Ce qu'il y a à comprendre c'est que chacun tente de sauver les chats de
cette fourrière mais qu'eux n'en ont rien à faire.
En clair, on avait bloqué des sorties et ils ont piqué les chats sans tenir
compte de toutes les démarches.

Je pense à vous que nous attendions avec tant de plaisir pour vous faire vivre
une jolie vie, gentilles minettes, gros et petits matous.

----------


## chamonik

> pour les chatons
> 
> Il y a 5 tigrés ( 4 femelles et 1 mâle), 1 femelle typée chartreux, 2 ecailles et un mâle tigré bleu
> 
> pour les adultes
> 
> le mêle roux aux poils mi longs et la femelle ecaille 
> toux deux reservés la semaine dernière
> 
> des photos dans l'après midi (les piles sont en charge)

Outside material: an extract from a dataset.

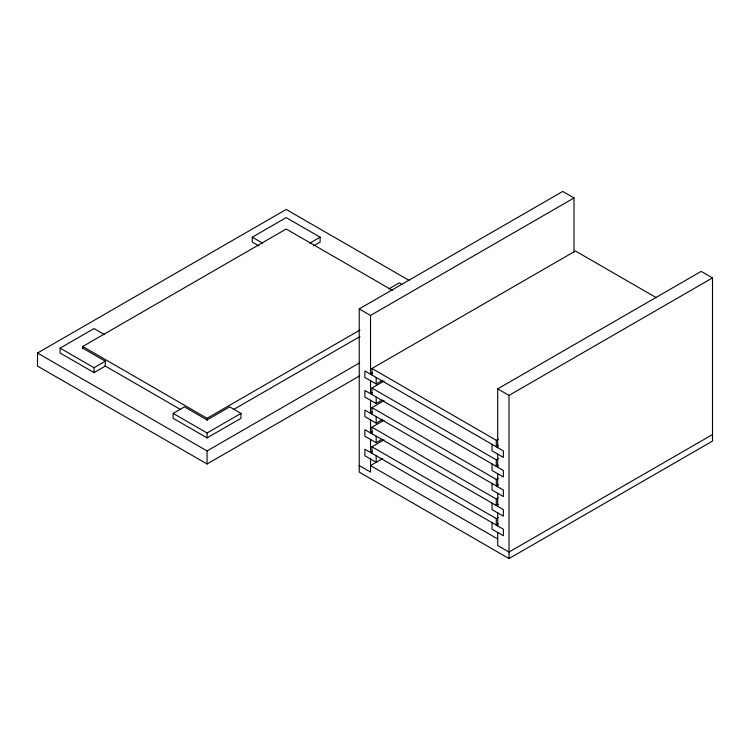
<?xml version="1.0" encoding="UTF-8"?>
<svg xmlns="http://www.w3.org/2000/svg" width="750" height="750" viewBox="0 0 750 750"><rect width="100%" height="100%" fill="white"/><g stroke="black" fill="none" stroke-linecap="round" stroke-linejoin="round"><path stroke-width="1.12" d="M359.728 375.853L207.075 463.988L37.5 366.084L37.5 353.034L286.2 209.447L409.35 280.538M82.716 348.141L105.328 361.191L105.328 366.084L94.022 372.609L60.113 353.034L60.113 348.141L94.022 328.556L104.391 334.537M258.881 245.887L252.291 242.081L252.291 237.188L286.2 217.603L320.119 237.188L320.119 242.081L313.528 245.887M82.716 348.684L82.716 346.509L286.2 229.022L392.362 290.316M60.113 348.141L94.022 367.716L105.328 361.191M309.759 243.169L320.119 237.188M173.156 413.409L184.462 406.875L207.075 419.934L229.678 406.875L240.984 413.409L240.984 418.303L207.075 437.878L173.156 418.303L173.156 413.409L207.075 432.984L240.984 413.409M388.894 288.853L399.253 282.872L402.244 284.597M497.709 447.609L497.709 388.866L701.194 271.388L712.5 277.913L712.5 441.084L509.016 558.562L359.222 472.087L359.222 308.916L562.716 191.438L574.012 197.963L574.012 252.094M359.222 308.916L370.528 315.441L574.012 197.963M82.716 346.509L207.075 418.303L359.934 330.047M233.391 409.631L359.934 336.572M37.5 353.034L207.075 450.938L359.728 362.794M371.944 375L371.944 368.475L575.428 250.988L656.306 297.684M372.553 373.012L370.528 374.184L370.528 315.441M492.056 444.347L492.056 450.872L503.362 457.397L503.362 450.872L364.875 370.922L364.875 377.447L376.181 383.972L382.256 380.466M371.944 394.584L371.944 388.05L384.094 381.038M372.553 392.597L370.528 393.769L370.528 380.709M492.056 463.931L492.056 470.456L503.362 476.981L503.362 470.456L364.875 390.497L364.875 397.031L376.181 403.556L382.256 400.05M371.944 414.159L371.944 407.634L384.094 400.622M372.553 412.172L370.528 413.344L370.528 400.294M492.056 483.506L492.056 490.031L503.362 496.556L503.362 490.031L364.875 410.081L364.875 416.606L376.181 423.131L382.256 419.625M371.944 433.744L371.944 427.219L384.094 420.197M372.553 431.756L370.528 432.928L370.528 419.869M492.056 503.091L492.056 509.616L503.362 516.141L503.362 509.616L364.875 429.666L364.875 436.191L376.181 442.716L382.256 439.209M371.944 453.319L371.944 446.794L384.094 439.781M372.553 451.341L370.528 452.503L370.528 439.453M382.678 458.55L370.528 465.562L497.709 538.987M497.709 388.866L509.016 395.391L712.5 277.913M371.944 368.475L496.294 440.269L498.319 439.097M498.319 445.622L496.294 446.794L496.294 440.269M371.944 388.05L496.294 459.844L498.319 458.681M498.319 465.206L496.294 466.378L496.294 459.844M371.944 407.634L496.294 479.428L498.319 478.256M498.319 484.781L496.294 485.953L496.294 479.428M371.944 427.219L496.294 499.012L498.319 497.841M498.319 504.366L496.294 505.538L496.294 499.012M371.944 446.794L496.294 518.587L498.319 517.416M498.319 523.95L496.294 525.112L496.294 518.587M712.5 434.559L509.016 552.038L497.709 545.513L497.709 532.463M252.291 237.188L262.65 243.169M359.222 465.562L370.528 472.087L370.528 459.028M104.962 365.878L180.787 409.65M509.016 395.391L509.016 558.562M497.709 454.134L497.709 467.194M497.709 473.719L497.709 486.769M497.709 493.294L497.709 506.353M497.709 512.878L497.709 525.928M492.056 522.666L492.056 529.191L503.362 535.725L503.362 529.191L364.875 449.241L364.875 455.766L376.181 462.3L376.181 455.766M376.181 377.447L376.181 383.972M376.181 397.031L376.181 403.556M376.181 416.606L376.181 423.131M376.181 436.191L376.181 442.716M207.075 418.303L207.075 420.478M207.075 432.984L207.075 437.878M207.075 450.938L207.075 463.988M94.022 367.716L94.022 372.609"/></g></svg>

On parle de ceux qui sont morts là ?

----------


## crunchy94

Il faut dissuader les gens d'emmener leurs animaux là dedans  .
*Faire circuler que tout animal déposé là est exécuté*, car je suppose
que la municipalité ne verrait pas d'un bon oeil une discussion sur
l'organisation de sauvetages...

----------


## missabysse

reposer en paix tous les loulous, qui meurt pour la connerie des humains     :kao7:  :kao7:  :kao7:  :kao7:  :kao7:  :kao7:

----------

> Envoyé par titoune59
> 
> pour les chatons
> 
> Il y a 5 tigrés ( 4 femelles et 1 mâle), 1 femelle typée chartreux, 2 ecailles et un mâle tigré bleu
> 
> pour les adultes
> 
> le mêle roux aux poils mi longs et la femelle ecaille 
> ...


Non celà sont sorti hier après midi !

----------


## Mao

Que notre Amour pour vous, petites vies injustement parties, vous porte loin dans la Lumière et la Paix que vous n'avez pas connu.
Que vous puissiez enfin courir et jouer libres et sans peur avec vos compagnons de misère d'hier.
Reposez en Paix loin de la cruauté. Nous continuerons à nous battre pour vous, et pour tous ceux qui sont comme vous, abandonnés par la bêtise, l'égoïsme et la cruauté humaine!

----------


## Mao

il faut donc réussir à les sortir le jeudi pour leur éviter la mort, enfin ceux qu'ils laisseront sortir semble t'il.

----------


## Shat

> Il faut dissuader les gens d'emmener leurs animaux là dedans  .
> *Faire circuler que tout animal déposé là est exécuté*, car je suppose
> que la municipalité ne verrait pas d'un bon oeil une discussion sur
> l'organisation de sauvetages...


ça me semble être la seule solution puisqu'ils tiennnent
aussi peu leurs engagements. Je suis sûre qu'une partie des gens qui amènenent des chats dans cetts fourrière le font en s'imaginant qu'ils seront 
adoptés et non qu'ils seront piqués au bout de 6 jours. 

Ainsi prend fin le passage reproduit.